Attached: time-scalable caching and time-wall caching I've always stressed that BBR is simple because it's really simple. Because in the first half of the year, I almost came up with a similar algorithm, when I was ready to operate on PRR.
I think the congestion control algorithm to the Congestion window control is not big enough, I want to use the congestion algorithm itself logic to the absolute window how to adjust, rather than blindly prr! I do not believe that the detection of three duplicate ACK must have been dropped packets, even in non-open state, such as the recovery state, I also hope that my algorithm can be considered can increase the window ... I have carefully analyzed the characteristics of the network, in addition to two types of cache:
with time extensibility of the cache, that is, the network itself (to be exact, the data running on the cable, from A to B takes time, so that the network is a storage function);
Time-wall caching, which is the queue cache for router switches. The nature of this type of cache is memory.

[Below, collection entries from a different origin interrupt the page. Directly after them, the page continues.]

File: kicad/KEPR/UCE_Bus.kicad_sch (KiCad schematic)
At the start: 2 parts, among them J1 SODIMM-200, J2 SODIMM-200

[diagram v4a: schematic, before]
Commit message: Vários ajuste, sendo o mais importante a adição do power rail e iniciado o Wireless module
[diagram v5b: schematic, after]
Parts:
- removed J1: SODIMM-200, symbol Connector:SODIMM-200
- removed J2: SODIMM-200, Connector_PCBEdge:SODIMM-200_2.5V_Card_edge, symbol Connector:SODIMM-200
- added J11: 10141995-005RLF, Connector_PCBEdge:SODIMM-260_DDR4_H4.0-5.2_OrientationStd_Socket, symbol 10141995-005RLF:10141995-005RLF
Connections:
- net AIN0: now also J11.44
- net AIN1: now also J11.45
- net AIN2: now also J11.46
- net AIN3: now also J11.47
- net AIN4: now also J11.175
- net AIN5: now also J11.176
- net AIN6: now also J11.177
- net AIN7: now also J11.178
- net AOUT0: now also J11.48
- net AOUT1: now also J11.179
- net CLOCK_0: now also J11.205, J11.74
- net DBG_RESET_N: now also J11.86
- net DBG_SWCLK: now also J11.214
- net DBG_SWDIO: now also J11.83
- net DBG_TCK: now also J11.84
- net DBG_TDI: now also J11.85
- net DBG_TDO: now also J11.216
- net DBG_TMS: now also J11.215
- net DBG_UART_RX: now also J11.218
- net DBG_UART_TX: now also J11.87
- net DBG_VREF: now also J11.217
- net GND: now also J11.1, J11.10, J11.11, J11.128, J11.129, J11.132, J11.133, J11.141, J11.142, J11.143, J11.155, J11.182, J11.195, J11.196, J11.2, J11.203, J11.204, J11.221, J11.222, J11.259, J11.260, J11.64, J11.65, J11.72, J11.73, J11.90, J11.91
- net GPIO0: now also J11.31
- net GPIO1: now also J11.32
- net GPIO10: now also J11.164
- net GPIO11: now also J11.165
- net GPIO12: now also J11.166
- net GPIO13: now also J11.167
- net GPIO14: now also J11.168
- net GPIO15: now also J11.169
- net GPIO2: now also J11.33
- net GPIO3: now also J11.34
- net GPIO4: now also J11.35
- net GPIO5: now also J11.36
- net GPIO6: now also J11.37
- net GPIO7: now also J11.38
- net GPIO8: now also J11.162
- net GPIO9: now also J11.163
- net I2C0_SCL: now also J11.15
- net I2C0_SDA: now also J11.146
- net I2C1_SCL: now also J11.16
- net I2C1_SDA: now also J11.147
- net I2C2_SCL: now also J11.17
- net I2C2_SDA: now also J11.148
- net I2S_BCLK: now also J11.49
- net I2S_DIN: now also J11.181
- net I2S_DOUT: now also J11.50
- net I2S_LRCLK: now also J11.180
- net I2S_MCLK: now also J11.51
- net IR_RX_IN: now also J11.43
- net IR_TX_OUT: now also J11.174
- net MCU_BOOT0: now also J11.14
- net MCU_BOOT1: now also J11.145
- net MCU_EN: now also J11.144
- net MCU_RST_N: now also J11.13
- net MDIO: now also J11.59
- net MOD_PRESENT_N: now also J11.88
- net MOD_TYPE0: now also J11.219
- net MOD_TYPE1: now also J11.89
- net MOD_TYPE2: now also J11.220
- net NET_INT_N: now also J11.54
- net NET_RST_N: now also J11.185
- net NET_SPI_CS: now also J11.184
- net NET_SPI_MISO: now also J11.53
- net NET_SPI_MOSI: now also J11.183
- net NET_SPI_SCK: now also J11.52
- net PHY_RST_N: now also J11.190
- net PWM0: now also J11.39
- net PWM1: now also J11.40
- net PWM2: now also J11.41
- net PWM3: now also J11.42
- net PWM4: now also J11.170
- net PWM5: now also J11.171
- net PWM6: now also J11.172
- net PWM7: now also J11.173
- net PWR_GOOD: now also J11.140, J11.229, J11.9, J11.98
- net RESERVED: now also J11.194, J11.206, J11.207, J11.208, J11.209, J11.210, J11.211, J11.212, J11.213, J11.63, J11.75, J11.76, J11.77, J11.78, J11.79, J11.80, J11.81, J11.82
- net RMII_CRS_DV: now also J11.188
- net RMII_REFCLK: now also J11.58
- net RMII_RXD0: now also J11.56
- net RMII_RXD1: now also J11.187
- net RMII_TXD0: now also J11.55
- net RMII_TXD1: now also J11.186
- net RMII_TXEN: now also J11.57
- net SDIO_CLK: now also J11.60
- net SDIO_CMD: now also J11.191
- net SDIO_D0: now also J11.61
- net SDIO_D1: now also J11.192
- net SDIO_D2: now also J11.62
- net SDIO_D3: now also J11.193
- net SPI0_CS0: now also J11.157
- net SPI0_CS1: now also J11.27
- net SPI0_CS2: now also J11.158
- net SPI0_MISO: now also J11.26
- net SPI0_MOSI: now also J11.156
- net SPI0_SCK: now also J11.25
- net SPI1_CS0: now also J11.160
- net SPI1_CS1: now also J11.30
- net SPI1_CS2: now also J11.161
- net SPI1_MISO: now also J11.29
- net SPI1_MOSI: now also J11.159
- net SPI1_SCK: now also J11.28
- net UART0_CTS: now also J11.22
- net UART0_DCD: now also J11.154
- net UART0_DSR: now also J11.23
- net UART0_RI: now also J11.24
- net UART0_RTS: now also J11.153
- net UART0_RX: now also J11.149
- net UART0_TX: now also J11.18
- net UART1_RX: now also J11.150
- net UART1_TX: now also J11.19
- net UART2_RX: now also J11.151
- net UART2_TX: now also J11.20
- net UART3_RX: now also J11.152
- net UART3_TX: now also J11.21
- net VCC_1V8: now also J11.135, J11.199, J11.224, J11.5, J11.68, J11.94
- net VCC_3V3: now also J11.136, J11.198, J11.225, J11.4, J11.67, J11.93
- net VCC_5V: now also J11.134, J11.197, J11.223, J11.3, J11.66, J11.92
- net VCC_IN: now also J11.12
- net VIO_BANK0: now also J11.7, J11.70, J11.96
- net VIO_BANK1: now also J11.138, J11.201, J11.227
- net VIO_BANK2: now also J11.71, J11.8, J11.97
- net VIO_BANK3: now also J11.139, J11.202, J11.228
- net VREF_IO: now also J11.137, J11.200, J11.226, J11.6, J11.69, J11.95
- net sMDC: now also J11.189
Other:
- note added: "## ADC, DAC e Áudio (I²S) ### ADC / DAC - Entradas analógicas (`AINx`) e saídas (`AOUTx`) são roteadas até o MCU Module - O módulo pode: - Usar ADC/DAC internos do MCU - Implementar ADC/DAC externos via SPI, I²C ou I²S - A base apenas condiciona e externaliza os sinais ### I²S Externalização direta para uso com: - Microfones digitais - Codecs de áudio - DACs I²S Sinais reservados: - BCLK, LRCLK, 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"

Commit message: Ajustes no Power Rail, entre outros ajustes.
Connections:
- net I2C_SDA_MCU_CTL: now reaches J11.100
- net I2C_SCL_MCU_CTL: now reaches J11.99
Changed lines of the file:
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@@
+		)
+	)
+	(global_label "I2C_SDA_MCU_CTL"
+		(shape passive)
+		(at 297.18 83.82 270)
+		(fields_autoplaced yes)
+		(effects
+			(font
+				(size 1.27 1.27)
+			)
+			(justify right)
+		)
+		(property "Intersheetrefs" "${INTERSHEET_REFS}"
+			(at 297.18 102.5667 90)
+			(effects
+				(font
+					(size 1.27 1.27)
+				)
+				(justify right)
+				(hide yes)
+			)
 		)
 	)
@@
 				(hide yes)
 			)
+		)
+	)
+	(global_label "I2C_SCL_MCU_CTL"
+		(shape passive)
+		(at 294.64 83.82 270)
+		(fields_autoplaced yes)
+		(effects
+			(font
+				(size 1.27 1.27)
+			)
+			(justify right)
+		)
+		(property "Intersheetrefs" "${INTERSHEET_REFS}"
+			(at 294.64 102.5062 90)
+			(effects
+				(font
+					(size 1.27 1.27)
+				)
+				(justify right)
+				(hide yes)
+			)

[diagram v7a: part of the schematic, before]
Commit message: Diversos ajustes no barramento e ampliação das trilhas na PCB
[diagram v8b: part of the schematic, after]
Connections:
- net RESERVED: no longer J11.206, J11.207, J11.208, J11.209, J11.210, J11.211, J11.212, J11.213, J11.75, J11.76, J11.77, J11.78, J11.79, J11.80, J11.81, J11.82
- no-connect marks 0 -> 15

For this, see my June article, "TCP self-clocking/congestion control/bandwidth utilization of the context of the semi-scene analysis," I think, cubic algorithm in the end to induce TCP filling time wall cache, however, in terms of cubic itself, the difference between these two kinds of cache is very difficult ... I didn't have a good model at the time, but I did differentiate between the two types of caches ...
Unfortunately, I did not go on, a lot of things are not my personal ability to around, nor I can arrange, but when I saw bbr at that moment, there is a feeling of finding the answer. Although, although many things are not my personal ability and arrangements, when I fear the beginning, most of the time unconsciously, silently ended. Do you have this feeling too?
Finally, that philosophical question, listening to Dou Wei's old songs, I think I can talk about it. The denominator of efficiency is the question of time.
No matter how hard people try, the denominator can't be 0! But there is an exception, that is, a snake from the tail began to eat their own situation! Can you imagine a scene like that? This is not possible unless you can traverse the timeline arbitrarily, is that it? I think this kind of thing is not so complicated, just up a dimension to think about it, any lower level of the dimension of anything for a higher dimension is a point, that is, a small universe. A snake is a three-dimensional animal, it is never aware of the four-dimensional space inside a point, is that it ate their own. Explosion!

Google's BBR Congestion control algorithm model analysis

Contact Us

The content source of this page is from Internet, which doesn't represent Alibaba Cloud's opinion; products and services mentioned on that page don't have any relationship with Alibaba Cloud. If the content of the page makes you feel confusing, please write us an email, we will handle the problem within 5 days after receiving your email.

If you find any instances of plagiarism from the community, please send an email to: info-contact@alibabacloud.com and provide relevant evidence. A staff member will contact you within 5 working days.

A Free Trial That Lets You Build Big!

Start building with 50+ products and up to 12 months usage for Elastic Compute Service

  • Sales Support

    1 on 1 presale consultation

  • After-Sales Support

    24/7 Technical Support 6 Free Tickets per Quarter Faster Response

  • Alibaba Cloud offers highly flexible support services tailored to meet your exact needs.